*What you should do*. Copy nothing but the lines below running from the line containing "#27=LINE('',#26,#25);" through the line containing "#48=EDGE_CURVE('E90',#47,#39,#45,.T.);", both end lines included.

*Input records*.
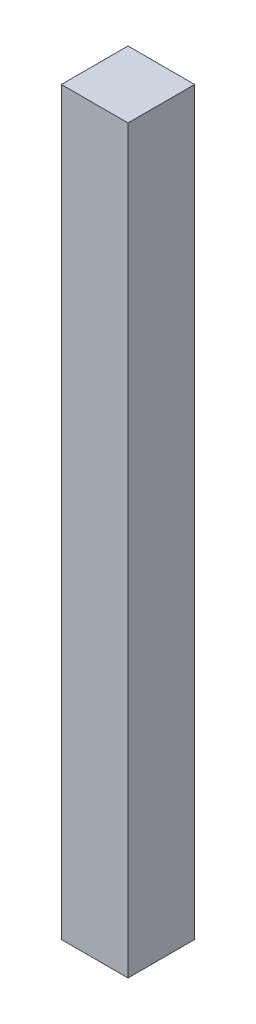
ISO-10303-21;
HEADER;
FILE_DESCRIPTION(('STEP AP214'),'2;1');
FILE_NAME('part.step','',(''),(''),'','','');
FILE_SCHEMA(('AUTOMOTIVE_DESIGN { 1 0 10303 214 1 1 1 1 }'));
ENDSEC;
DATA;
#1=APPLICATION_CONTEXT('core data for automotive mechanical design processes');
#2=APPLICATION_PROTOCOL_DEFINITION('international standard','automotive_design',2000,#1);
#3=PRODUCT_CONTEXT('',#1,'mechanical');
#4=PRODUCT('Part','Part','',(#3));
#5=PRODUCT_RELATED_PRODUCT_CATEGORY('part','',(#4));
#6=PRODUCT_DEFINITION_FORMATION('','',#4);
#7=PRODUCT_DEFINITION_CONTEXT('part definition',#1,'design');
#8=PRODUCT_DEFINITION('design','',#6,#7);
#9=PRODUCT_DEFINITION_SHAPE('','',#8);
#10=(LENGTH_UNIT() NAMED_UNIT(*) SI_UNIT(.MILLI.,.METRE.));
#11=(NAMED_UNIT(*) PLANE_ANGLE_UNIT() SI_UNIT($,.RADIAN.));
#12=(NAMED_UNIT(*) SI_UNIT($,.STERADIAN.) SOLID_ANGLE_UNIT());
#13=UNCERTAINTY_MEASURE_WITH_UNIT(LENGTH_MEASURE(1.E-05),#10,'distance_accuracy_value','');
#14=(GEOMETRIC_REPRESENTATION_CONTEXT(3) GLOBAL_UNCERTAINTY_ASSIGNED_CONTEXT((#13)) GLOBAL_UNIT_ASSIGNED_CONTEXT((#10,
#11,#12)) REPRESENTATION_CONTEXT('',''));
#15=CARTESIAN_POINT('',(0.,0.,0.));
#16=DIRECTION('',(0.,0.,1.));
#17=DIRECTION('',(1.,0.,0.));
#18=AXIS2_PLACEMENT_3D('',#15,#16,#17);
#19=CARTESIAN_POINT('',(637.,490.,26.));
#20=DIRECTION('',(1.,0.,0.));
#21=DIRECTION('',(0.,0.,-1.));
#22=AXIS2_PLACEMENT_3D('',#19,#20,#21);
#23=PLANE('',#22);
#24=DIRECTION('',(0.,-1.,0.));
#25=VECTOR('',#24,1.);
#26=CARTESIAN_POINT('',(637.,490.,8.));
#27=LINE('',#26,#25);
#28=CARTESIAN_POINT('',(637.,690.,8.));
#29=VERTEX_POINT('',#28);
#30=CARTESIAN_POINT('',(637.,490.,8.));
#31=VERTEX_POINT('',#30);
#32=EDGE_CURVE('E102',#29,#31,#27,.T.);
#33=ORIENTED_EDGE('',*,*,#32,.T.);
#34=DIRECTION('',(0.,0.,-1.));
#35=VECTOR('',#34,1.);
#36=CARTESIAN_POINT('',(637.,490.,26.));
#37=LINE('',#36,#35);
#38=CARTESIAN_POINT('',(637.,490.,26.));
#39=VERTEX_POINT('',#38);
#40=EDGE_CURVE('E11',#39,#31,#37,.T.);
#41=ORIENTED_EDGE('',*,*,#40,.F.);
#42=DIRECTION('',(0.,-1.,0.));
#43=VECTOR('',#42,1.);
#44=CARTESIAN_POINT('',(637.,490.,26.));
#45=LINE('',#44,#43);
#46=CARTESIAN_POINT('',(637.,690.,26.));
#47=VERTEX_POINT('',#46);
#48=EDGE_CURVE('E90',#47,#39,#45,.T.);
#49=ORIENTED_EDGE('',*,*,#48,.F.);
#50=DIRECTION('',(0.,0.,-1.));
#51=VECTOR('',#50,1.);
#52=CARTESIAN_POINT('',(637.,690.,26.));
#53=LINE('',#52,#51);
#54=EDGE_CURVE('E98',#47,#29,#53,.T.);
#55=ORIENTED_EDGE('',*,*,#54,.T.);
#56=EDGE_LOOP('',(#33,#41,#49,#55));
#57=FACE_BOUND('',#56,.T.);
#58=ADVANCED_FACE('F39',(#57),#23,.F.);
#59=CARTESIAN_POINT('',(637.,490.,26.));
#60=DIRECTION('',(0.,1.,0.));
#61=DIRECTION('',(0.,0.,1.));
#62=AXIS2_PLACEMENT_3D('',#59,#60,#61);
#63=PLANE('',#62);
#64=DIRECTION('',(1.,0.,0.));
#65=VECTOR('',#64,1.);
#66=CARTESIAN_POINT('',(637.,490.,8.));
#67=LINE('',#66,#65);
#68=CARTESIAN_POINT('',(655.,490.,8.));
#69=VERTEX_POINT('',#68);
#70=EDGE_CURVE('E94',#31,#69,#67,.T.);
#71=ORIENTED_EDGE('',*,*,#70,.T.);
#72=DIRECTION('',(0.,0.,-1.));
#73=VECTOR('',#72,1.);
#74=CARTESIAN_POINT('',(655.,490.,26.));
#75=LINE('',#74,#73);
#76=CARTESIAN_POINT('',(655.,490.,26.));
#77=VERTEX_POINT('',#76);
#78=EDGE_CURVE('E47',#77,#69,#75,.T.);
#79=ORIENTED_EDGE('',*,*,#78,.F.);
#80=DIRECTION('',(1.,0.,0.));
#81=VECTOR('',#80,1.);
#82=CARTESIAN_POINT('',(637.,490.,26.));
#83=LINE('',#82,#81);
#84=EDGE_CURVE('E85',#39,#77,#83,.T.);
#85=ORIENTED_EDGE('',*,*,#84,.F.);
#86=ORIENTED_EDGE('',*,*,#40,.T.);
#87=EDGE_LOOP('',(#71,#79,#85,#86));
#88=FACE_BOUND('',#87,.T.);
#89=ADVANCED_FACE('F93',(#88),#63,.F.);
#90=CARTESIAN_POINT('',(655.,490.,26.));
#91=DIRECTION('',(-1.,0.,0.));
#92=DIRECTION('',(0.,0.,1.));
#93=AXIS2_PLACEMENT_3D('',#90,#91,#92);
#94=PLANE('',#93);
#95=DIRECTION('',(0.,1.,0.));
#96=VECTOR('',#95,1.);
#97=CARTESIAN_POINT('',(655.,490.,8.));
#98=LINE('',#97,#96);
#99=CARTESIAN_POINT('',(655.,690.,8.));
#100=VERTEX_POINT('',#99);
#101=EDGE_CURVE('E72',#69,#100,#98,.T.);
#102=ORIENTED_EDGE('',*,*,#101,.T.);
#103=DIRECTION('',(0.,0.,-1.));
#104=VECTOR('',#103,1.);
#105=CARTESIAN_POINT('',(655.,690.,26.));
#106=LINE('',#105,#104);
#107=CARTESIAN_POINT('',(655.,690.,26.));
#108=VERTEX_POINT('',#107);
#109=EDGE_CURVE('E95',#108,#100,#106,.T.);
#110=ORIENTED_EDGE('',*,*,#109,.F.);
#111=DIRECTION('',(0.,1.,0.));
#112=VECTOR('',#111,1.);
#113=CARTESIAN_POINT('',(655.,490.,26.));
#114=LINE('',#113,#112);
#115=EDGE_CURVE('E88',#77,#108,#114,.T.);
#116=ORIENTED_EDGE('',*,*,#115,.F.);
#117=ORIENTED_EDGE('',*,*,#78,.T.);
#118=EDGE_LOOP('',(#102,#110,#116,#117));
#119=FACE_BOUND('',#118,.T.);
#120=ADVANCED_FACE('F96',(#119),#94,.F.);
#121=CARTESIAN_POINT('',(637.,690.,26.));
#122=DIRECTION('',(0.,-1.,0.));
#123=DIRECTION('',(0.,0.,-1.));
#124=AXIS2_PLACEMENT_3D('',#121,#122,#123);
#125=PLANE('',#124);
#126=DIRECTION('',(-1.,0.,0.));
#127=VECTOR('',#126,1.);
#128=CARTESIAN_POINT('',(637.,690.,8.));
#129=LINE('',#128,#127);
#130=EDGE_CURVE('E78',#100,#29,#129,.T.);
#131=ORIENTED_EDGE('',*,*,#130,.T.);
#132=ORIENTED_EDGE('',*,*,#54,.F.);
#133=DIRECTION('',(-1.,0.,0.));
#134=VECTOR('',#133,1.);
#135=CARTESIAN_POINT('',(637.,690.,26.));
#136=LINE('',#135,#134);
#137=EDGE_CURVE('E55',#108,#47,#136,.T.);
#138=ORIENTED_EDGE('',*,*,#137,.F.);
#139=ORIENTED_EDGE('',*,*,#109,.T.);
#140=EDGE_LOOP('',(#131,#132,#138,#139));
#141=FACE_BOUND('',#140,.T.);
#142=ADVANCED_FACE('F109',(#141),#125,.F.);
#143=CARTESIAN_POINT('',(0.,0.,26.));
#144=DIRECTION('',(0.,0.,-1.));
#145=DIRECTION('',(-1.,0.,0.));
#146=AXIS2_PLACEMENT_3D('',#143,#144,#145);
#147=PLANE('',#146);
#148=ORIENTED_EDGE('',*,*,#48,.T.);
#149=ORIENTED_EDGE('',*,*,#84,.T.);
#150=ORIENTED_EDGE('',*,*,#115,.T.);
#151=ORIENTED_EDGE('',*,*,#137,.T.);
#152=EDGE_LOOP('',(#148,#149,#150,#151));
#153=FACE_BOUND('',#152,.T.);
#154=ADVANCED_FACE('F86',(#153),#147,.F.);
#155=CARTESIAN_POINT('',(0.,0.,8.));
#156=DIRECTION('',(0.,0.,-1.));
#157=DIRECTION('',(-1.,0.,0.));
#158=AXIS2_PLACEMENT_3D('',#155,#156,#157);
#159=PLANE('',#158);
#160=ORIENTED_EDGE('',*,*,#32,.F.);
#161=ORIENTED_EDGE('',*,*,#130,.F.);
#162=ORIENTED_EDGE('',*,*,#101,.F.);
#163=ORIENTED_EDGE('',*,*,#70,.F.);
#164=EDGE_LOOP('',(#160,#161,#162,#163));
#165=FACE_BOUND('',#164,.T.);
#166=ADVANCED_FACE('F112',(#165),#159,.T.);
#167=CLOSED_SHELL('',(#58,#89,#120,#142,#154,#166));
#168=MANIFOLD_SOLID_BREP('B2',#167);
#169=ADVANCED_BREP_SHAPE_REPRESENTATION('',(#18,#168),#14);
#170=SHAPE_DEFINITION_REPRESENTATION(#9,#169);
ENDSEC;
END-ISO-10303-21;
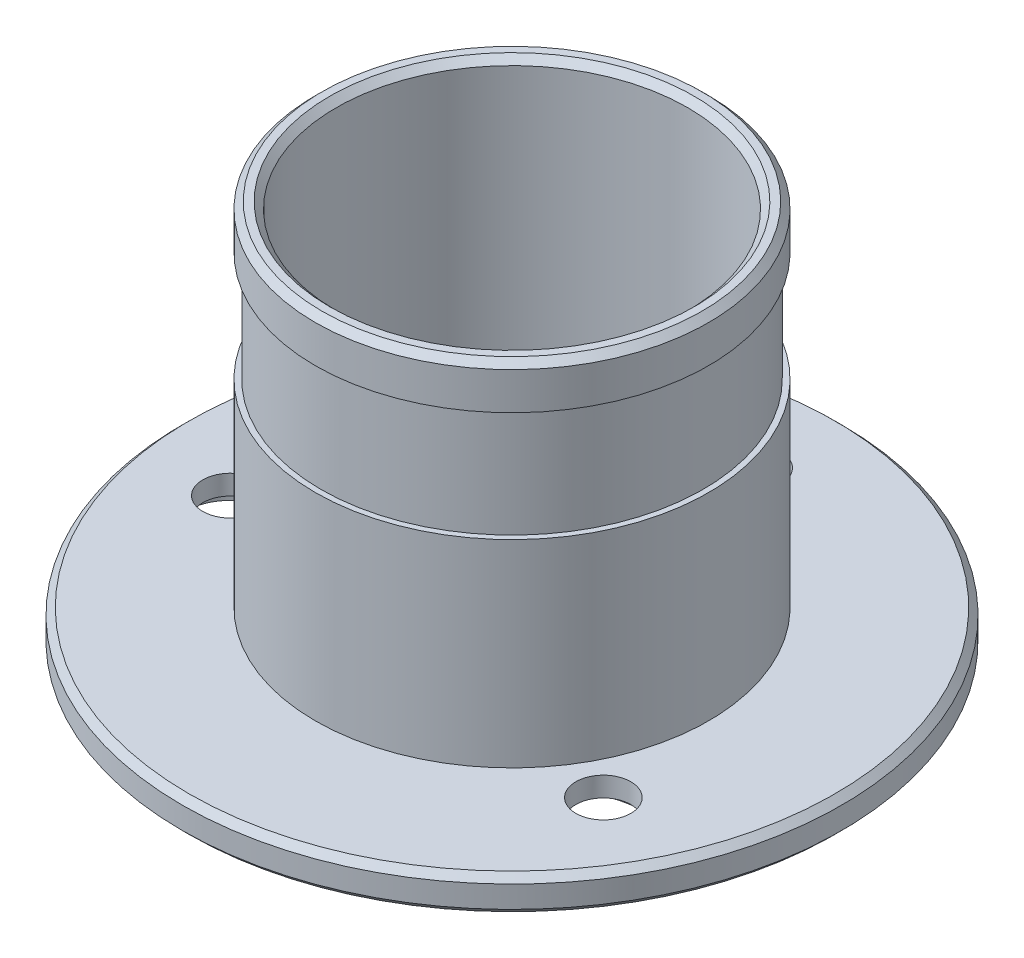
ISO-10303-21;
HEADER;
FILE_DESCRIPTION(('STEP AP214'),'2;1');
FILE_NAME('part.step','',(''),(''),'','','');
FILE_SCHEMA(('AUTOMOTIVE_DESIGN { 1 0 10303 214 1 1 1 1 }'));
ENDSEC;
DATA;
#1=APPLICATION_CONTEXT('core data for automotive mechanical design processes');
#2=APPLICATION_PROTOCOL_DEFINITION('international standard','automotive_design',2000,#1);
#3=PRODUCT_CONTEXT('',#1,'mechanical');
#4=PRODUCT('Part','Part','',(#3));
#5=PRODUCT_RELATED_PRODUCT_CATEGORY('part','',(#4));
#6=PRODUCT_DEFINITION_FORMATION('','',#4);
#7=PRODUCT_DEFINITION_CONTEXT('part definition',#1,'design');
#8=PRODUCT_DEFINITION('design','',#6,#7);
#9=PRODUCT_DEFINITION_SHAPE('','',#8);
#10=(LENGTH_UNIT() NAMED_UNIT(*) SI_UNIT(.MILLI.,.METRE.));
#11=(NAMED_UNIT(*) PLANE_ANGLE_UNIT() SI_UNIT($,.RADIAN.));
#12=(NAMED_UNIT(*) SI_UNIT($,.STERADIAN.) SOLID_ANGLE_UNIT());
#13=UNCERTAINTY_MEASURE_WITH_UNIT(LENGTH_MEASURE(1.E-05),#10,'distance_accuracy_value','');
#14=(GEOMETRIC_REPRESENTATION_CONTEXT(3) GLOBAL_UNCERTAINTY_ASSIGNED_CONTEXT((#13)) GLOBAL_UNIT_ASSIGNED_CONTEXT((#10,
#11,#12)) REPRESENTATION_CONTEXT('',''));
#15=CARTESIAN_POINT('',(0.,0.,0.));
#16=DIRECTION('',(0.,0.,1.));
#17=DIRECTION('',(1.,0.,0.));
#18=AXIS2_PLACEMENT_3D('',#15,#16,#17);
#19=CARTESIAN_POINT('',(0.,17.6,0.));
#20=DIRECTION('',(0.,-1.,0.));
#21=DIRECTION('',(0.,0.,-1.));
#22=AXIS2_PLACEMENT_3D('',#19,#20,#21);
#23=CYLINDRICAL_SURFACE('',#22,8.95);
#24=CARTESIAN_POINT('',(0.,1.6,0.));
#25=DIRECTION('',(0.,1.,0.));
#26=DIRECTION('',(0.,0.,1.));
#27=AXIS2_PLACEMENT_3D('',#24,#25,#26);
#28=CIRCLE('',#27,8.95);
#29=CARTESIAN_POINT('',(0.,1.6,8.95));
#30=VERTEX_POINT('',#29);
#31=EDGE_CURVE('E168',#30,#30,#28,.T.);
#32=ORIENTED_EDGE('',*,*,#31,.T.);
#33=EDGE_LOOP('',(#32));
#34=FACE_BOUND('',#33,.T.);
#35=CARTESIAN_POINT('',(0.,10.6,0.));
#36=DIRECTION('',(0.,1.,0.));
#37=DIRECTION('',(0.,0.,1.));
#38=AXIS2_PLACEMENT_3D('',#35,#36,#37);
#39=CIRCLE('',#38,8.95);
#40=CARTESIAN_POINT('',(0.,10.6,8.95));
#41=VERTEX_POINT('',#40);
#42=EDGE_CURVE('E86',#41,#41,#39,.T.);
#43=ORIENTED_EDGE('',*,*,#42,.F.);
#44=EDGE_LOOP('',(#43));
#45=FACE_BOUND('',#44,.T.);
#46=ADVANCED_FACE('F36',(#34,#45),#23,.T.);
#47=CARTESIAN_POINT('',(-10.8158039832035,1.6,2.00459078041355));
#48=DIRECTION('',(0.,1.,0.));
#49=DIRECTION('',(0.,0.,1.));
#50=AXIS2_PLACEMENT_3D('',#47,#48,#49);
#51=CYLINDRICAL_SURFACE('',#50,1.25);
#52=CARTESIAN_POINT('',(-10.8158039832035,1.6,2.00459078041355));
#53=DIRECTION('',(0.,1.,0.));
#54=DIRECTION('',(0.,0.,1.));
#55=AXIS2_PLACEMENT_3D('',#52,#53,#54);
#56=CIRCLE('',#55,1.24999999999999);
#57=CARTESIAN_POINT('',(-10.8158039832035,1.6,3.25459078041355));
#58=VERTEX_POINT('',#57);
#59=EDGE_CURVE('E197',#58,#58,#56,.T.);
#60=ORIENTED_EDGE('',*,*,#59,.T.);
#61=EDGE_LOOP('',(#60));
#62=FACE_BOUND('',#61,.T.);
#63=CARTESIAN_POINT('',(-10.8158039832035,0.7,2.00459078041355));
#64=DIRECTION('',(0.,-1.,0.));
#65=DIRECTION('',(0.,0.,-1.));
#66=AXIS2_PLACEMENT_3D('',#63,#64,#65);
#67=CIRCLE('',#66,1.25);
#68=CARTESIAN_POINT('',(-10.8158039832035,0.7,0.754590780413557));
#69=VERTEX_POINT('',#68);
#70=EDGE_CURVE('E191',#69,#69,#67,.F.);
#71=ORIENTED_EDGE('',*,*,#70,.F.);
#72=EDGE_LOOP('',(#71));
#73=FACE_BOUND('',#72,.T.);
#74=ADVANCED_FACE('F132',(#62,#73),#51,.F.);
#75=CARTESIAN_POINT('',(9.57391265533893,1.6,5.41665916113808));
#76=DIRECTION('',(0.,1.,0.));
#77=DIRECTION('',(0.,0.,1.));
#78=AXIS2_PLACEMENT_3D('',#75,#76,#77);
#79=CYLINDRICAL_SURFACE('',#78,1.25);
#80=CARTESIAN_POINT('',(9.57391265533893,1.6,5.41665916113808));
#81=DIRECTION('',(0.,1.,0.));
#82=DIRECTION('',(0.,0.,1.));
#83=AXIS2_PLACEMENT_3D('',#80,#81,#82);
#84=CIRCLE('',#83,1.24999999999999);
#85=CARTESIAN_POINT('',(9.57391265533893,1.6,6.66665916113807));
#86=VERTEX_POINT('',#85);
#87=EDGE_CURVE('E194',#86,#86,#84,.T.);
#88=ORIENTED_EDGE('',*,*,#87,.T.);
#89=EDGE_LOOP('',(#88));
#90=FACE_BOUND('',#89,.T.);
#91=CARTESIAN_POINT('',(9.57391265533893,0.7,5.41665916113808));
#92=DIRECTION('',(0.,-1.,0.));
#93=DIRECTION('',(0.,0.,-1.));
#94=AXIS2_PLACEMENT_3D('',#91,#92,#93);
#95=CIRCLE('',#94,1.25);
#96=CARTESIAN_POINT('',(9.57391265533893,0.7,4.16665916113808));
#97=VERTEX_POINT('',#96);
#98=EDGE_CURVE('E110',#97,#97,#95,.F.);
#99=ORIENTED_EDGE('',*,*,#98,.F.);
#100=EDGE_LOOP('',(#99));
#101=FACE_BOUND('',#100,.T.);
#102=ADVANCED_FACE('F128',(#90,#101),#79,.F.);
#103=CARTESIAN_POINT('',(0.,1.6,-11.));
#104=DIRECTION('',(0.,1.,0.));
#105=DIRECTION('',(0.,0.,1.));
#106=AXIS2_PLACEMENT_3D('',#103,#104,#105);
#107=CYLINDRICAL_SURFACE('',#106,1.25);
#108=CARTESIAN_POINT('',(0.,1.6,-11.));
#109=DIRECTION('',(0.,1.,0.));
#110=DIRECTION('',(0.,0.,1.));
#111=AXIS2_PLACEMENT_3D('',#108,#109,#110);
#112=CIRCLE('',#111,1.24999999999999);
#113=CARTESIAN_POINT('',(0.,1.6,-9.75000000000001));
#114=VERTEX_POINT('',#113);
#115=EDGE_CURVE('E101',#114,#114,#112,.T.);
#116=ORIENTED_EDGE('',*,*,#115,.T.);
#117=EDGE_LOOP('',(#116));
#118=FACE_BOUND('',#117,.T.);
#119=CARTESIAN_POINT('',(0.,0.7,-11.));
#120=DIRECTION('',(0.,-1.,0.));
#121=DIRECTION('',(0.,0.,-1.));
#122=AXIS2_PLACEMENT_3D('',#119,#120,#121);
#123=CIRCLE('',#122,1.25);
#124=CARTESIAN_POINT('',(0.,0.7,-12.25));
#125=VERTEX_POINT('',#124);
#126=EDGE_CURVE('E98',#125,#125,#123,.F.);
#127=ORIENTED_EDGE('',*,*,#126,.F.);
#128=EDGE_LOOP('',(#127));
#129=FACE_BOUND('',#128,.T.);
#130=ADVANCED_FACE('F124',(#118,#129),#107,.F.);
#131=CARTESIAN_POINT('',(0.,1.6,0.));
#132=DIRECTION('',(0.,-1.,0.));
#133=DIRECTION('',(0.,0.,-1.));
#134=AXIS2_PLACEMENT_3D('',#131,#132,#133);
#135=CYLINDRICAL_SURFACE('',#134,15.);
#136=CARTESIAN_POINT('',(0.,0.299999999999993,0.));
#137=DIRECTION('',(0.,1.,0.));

*Solution to this problem*.
#27=LINE('',#26,#25);
#28=CARTESIAN_POINT('',(637.,690.,8.));
#29=VERTEX_POINT('',#28);
#30=CARTESIAN_POINT('',(637.,490.,8.));
#31=VERTEX_POINT('',#30);
#32=EDGE_CURVE('E102',#29,#31,#27,.T.);
#33=ORIENTED_EDGE('',*,*,#32,.T.);
#34=DIRECTION('',(0.,0.,-1.));
#35=VECTOR('',#34,1.);
#36=CARTESIAN_POINT('',(637.,490.,26.));
#37=LINE('',#36,#35);
#38=CARTESIAN_POINT('',(637.,490.,26.));
#39=VERTEX_POINT('',#38);
#40=EDGE_CURVE('E11',#39,#31,#37,.T.);
#41=ORIENTED_EDGE('',*,*,#40,.F.);
#42=DIRECTION('',(0.,-1.,0.));
#43=VECTOR('',#42,1.);
#44=CARTESIAN_POINT('',(637.,490.,26.));
#45=LINE('',#44,#43);
#46=CARTESIAN_POINT('',(637.,690.,26.));
#47=VERTEX_POINT('',#46);
#48=EDGE_CURVE('E90',#47,#39,#45,.T.);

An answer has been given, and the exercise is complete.